Maybe we should be grateful for whatever dirt Vladimir has on Donald, because Vladimir sure as hell does not want a U.S. strike on North Korea.

And, frankly, I’m not seeing anywhere near the kind of relentless propaganda campaign that sold Americans on the idea that invading Iraq was a good idea, and I don’t think the Trumpettes are capable of carrying out such a campaign. They’ve made too many enemies in media and in other conservative circles to pull it off. A new CBS News poll shows only 29 percent of Americans think that striking North Korea now would be a good idea.

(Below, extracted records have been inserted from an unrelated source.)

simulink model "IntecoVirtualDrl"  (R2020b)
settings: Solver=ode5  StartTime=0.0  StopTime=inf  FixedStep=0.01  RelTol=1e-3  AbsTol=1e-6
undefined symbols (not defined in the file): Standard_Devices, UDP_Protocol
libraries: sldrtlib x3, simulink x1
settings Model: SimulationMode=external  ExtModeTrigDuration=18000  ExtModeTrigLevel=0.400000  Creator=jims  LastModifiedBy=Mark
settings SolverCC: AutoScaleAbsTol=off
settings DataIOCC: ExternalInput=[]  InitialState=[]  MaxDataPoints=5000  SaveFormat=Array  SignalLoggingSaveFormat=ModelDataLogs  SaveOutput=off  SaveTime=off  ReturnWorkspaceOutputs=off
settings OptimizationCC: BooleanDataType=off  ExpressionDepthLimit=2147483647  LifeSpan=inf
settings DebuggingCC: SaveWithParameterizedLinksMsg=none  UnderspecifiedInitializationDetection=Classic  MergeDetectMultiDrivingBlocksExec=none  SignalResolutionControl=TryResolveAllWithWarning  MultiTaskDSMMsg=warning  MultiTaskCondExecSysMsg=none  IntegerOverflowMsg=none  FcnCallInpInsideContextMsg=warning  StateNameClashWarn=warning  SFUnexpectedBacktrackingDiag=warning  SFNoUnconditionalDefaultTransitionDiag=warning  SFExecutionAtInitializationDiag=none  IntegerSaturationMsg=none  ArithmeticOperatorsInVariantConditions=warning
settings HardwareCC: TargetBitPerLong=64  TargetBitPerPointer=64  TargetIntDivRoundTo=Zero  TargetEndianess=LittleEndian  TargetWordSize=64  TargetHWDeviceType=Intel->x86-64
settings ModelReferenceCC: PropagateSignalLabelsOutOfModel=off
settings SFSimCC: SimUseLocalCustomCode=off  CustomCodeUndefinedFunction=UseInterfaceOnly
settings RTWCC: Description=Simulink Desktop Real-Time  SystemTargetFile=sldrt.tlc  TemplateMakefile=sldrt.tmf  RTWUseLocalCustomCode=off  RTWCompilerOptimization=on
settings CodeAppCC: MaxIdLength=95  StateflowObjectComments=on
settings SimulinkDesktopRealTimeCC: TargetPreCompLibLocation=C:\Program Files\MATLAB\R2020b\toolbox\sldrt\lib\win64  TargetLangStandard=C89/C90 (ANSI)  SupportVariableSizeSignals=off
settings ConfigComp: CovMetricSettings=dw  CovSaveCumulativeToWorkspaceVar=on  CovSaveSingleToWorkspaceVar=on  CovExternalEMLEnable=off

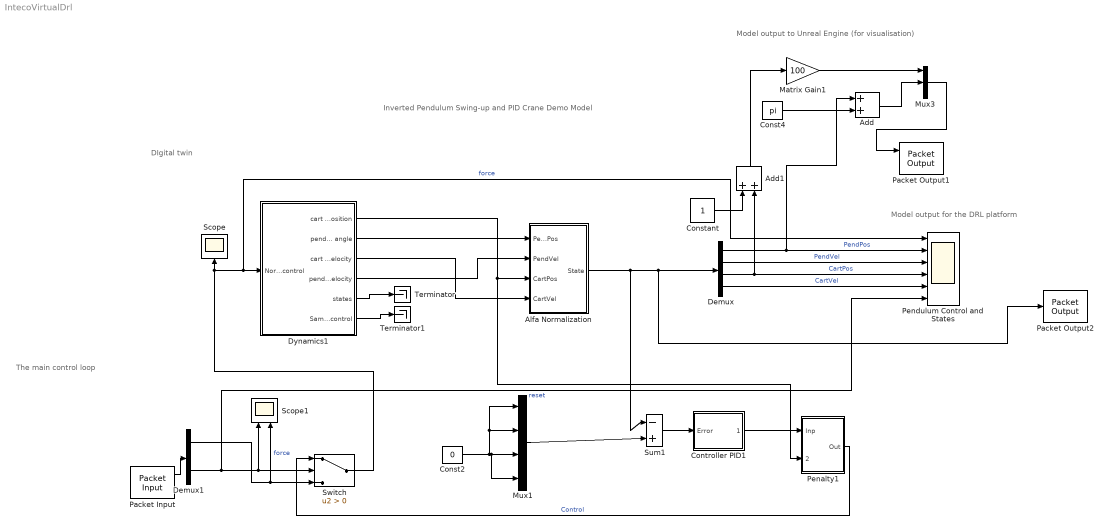
== system IntecoVirtualDrl ==
  note: Model output for the DRL platform
  note: Model output to Unreal Engine (for visualisation)
  note: DIgital twin
  note: The main control loop
  note: Inverted Pendulum
      | Swing-up and PID Crane Demo Model
  Add : Sum
  Add1 : Sum
  Alfa Normalization : Subsystem  mask(Choose mode:){}
  Const2 : Constant  Value=0
  Const4 : Constant  Value=pi
  Constant : Constant
  Controller PID1 : Subsystem  mask{Cart_PID=[ -0.8 0 -0.05 ], Pend_PID=[ -1 0 -0.0 ], Umax=0.5, zone=1.3, Friction=0.05, T0=0.01}
      mask prompts: Cart_PID "Cart PID parameters [Kp, Ki, Kd]:"; Pend_PID "Pendulum PID parameters [Kp, Ki, Kd]:"; Umax "Maximum control value:"; zone "Stabilisation zone [rad]:"; Friction "Friction compensation:"; T0 "Sample time:"
  Demux : Demux
      settings: DisplayOption=none
  Demux1 : Demux  Outputs=2
      settings: DisplayOption=none
  Dynamics1 : Subsystem  mask(Dynamics){x_ini=[0, 3.132388768862475, 0.002930656000000, 0.003140672265117062], m=[0.572066, 0.119648], fr=[0.000276, 1.199442, 0.502926], P4=[0.019631, 0.003861, 9.826466], Up=[6.338787, 0.227417], DZ=[0.099952, 1.495618]}
      mask prompts: x_ini "Initial state vector [x1(0)  x2(0)  x3(0)  x4(0)]"; m "mass of cart (mc)  mass of pendulum (mp)"; fr "friction :  fp  FS  FC"; P4 "Distance (l), Total Inertia moment (J), gravity (g)"; Up "control : magnitude (M)    DZu"; DZ "minimal velocities : cart (DZcv)  pendulum (DZcp)"
      mask help:
      | Pendulum-Cart Dynamics
      |
      | Copyright INTECO 1997
      mask init:
      | DZcv=DZ(1);DZcp=DZ(2);DZu=Up(2);l=P4(1);J=P4(2);g=P4(3);M=Up(1);mc=m(1);mp=m(2);fp=fr(1);FS=fr(2);FC=fr(3);mi=l*(mc+mp);a=l*l+J/(mc+mp);
      mask Display: plot(0,0,100,100,[40,48,48,40,40],[60,60,49,49,60],[37,44],[9,54],[100,8,4,1,0,100,100,0,40,100,100,0,0,40],[44,44,44,44,45,46,45,44,45,45,43,43,46,46],[100,48],[55,55],[0,40],[55,55])
  Matrix Gain1 : Gain  Gain=100  SaturateOnIntegerOverflow=on  OutDataTypeStr=Inherit: Same as input  ParamDataTypeStr=Inherit: Same as input
  Mux1 : Mux
  Mux3 : Mux  Inputs=3
  Packet Input : sldrtlib/Packet Input  SampleTime=0.03  MaxMissedTicks=10  ShowMissedTicks=off  YieldWhenWaiting=off  DrvName=Standard_Devices/UDP_Protocol  DrvAddress=16384  DrvOptions=[0 16384 49 50 55 46 48 46 48 46 49 0 0 0 0 0 0 0 0 0 0 0 0 0 0 0 0 0 0 0 0 0 0 0 0 0 0 0 0 0 0 0 0 0 0 0 0 0 0 0 0 0 0 0 0 0 0 0 0 0 0 0 0 0 0 0 0 0 0 0 0 0 0 0 0 0 0 0 0 0 0 0 0 0 0 0 0 0 0 0 0 0 0 0 0 0 0 0 0 0 0 0 0 0 0 0 0 0 0 0 0 0 0 0 0 0 0 0 0 0 0 0 0 0 0 0 0 0 0 0 0 0 0 0 0 0 0 0 0 0 0 0 0 0 0 0 0 0 0 0 0 0 0 0 0 0 0 0 0 0 0 0 0 0 0 0 0 0 0 0 0 0 0 0 0 0 0 0 0 0 0 0 0 0 0 0 0 0 0 0 0 0 0 0 0 0 0 0 0 0 0 0 0 0 0 0 0 0 0 0 0 0 0 0 0 0 0 0 0 0 0 0 0 0 0 0 0 0 0 0 0 0 0 0 0 0 0 0 0 0 0 0 0 0 0 0 0 0 0 0 0 0 0 0 0 0]  PacketSize=16  DataTypes='2*double'  ShowReady=on  ShowError=off  PacketID=1  ByteOrder=2  ShowTimestamp=off
      settings: AttributesFormatString=UDP Protocol [16384]
  Packet Output1 : sldrtlib/Packet Output  SampleTime=0.03  MaxMissedTicks=25  ShowMissedTicks=on  YieldWhenWaiting=off  DrvName=Standard_Devices/UDP_Protocol  DrvAddress=9999  DrvOptions=[0 8888 49 50 55 46 48 46 48 46 49 0 0 0 0 0 0 0 0 0 0 0 0 0 0 0 0 0 0 0 0 0 0 0 0 0 0 0 0 0 0 0 0 0 0 0 0 0 0 0 0 0 0 0 0 0 0 0 0 0 0 0 0 0 0 0 0 0 0 0 0 0 0 0 0 0 0 0 0 0 0 0 0 0 0 0 0 0 0 0 0 0 0 0 0 0 0 0 0 0 0 0 0 0 0 0 0 0 0 0 0 0 0 0 0 0 0 0 0 0 0 0 0 0 0 0 0 0 0 0 0 0 0 0 0 0 0 0 0 0 0 0 0 0 0 0 0 0 0 0 0 0 0 0 0 0 0 0 0 0 0 0 0 0 0 0 0 0 0 0 0 0 0 0 0 0 0 0 0 0 0 0 0 0 0 0 0 0 0 0 0 0 0 0 0 0 0 0 0 0 0 0 0 0 0 0 0 0 0 0 0 0 0 0 0 0 0 0 0 0 0 0 0 0 0 0 0 0 0 0 0 0 0 0 0 0 0 0 0 0 0 0 0 0 0 0 0 0 0 0 0 0 0 0 0 0]  PacketSize=83  DataTypes={'20*single', '3*uint8'}  ShowReady=off  ShowError=off  PacketID=1  ByteOrder=1  InitialValue=[]  FinalValue=[]
      settings: AttributesFormatString=UDP Protocol [9999]
  Packet Output2 : sldrtlib/Packet Output  SampleTime=0.03  MaxMissedTicks=25  ShowMissedTicks=on  YieldWhenWaiting=off  DrvName=Standard_Devices/UDP_Protocol  DrvAddress=16385  DrvOptions=[0 16385 49 50 55 46 48 46 48 46 49 0 0 0 0 0 0 0 0 0 0 0 0 0 0 0 0 0 0 0 0 0 0 0 0 0 0 0 0 0 0 0 0 0 0 0 0 0 0 0 0 0 0 0 0 0 0 0 0 0 0 0 0 0 0 0 0 0 0 0 0 0 0 0 0 0 0 0 0 0 0 0 0 0 0 0 0 0 0 0 0 0 0 0 0 0 0 0 0 0 0 0 0 0 0 0 0 0 0 0 0 0 0 0 0 0 0 0 0 0 0 0 0 0 0 0 0 0 0 0 0 0 0 0 0 0 0 0 0 0 0 0 0 0 0 0 0 0 0 0 0 0 0 0 0 0 0 0 0 0 0 0 0 0 0 0 0 0 0 0 0 0 0 0 0 0 0 0 0 0 0 0 0 0 0 0 0 0 0 0 0 0 0 0 0 0 0 0 0 0 0 0 0 0 0 0 0 0 0 0 0 0 0 0 0 0 0 0 0 0 0 0 0 0 0 0 0 0 0 0 0 0 0 0 0 0 0 0 0 0 0 0 0 0 0 0 0 0 0 0 0 0 0 0 0 0]  PacketSize=32  DataTypes='4*double'  ShowReady=off  ShowError=off  PacketID=1  ByteOrder=2  InitialValue=[]  FinalValue=[]
      settings: AttributesFormatString=UDP Protocol [16385]
  Penalty1 : Subsystem
  Pendulum Control and States : Scope  NumInputPorts=6
  Scope : Scope
  Scope1 : Scope  NumInputPorts=2
  Sum1 : Sum  Inputs=|-+  InputSameDT=on  SaturateOnIntegerOverflow=on  OutDataTypeStr=Inherit: Same as first input
  Switch : Switch  Criteria=u2 > Threshold
  Terminator : Terminator
  Terminator1 : Terminator
  wires:
  Demux/4 -> Pendulum Control and States/5  "CartVel"
  Demux/3 -> Pendulum Control and States/4, Add1/2  "CartPos"
  Demux/2 -> Pendulum Control and States/3  "PendVel"
  Demux/1 -> Add/1, Pendulum Control and States/2  "PendPos"
  Dynamics1/2(pendulum angle) -> Alfa Normalization/1(PendPos)
  Dynamics1/4(pendulum velocity) -> Alfa Normalization/2(PendVel)
  Dynamics1/1(cart position) -> Penalty1/2(CartPos), Alfa Normalization/3(CartPos)
  Dynamics1/3(cart velocity) -> Alfa Normalization/4(CartVel)
  Dynamics1/5(states) -> Terminator/1
  Dynamics1/6(Sampled control) -> Terminator1/1
  Mux3/1 -> Packet Output1/1
  Matrix Gain1/1 -> Mux3/1
  Const4/1 -> Add/2
  Add/1 -> Mux3/2
  Sum1/1 -> Controller PID1/1(Error)
  Packet Input/1 -> Demux1/1
  Demux1/2 -> Pendulum Control and States/6, Scope1/1, Switch/2  "reset"
  Demux1/1 -> Switch/3, Scope1/2  "force"
  Switch/1 -> Dynamics1/1(Normalized control), Pendulum Control and States/1, Scope/1  "force"
  Constant/1 -> Add1/1
  Add1/1 -> Matrix Gain1/1
  Const2/1 -> Mux1/1, Mux1/2, Mux1/4, Mux1/3
  Mux1/1 -> Sum1/2
  Controller PID1/1(Control) -> Penalty1/1(Inp)
  Alfa Normalization/1(State) -> Sum1/1, Packet Output2/1, Demux/1
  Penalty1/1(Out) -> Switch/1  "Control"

But here’s the thing — we’ve known for a long time that North Korea has nuclear weapons. This is not a new thing the Trumpettes just thought up. North Korea set off its first nuclear bomb as a test in October 2006. What’s new is that now North Korea has missile capability to deliver those weapons somewhere we don’t want nuked.  And no one who knows anything about North Korea thinks it can be persuaded to give up nuclear weapons now. We had one shot, and Bush blew it.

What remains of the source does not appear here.